▸ **Records for this exercise**:
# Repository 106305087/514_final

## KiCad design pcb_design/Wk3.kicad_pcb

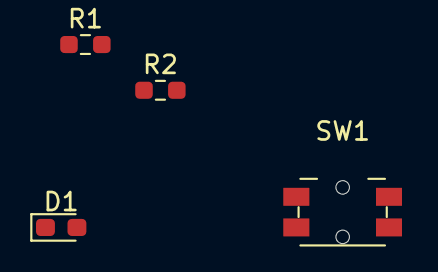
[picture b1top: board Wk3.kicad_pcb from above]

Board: 2 copper layers, 4 parts (0 on the bottom side), 3 nets, no tracks yet.

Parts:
D1: LED; LED_0603_1608Metric_Pad1.05x0.95mm_HandSolder
R1, R2: R; R_0603_1608Metric_Pad0.98x0.95mm_HandSolder
SW1: SW_SPST; Panasonic_EVQPUM_EVQPUD

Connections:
GND: D1.1 (K), R2.2
unnamed: D1.2 (A), R1.1
unnamed: R2.1, SW1.1 (A)

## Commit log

2024-01-17 update slide
2024-01-17 update again
2024-01-18 pcb design
2024-02-21 initial

▸ **Task to carry out**: The records above should be repeated exactly, with no pictures in the copy.

▸ **Written answer**:
# Repository 106305087/514_final

## KiCad design pcb_design/Wk3.kicad_pcb

[picture b1top: board Wk3.kicad_pcb from above]

Board: 2 copper layers, 4 parts (0 on the bottom side), 3 nets, no tracks yet.

Parts:
D1: LED; LED_0603_1608Metric_Pad1.05x0.95mm_HandSolder
R1, R2: R; R_0603_1608Metric_Pad0.98x0.95mm_HandSolder
SW1: SW_SPST; Panasonic_EVQPUM_EVQPUD

Connections:
GND: D1.1 (K), R2.2
unnamed: D1.2 (A), R1.1
unnamed: R2.1, SW1.1 (A)

## Commit log

2024-01-17 update slide
2024-01-17 update again
2024-01-18 pcb design
2024-02-21 initial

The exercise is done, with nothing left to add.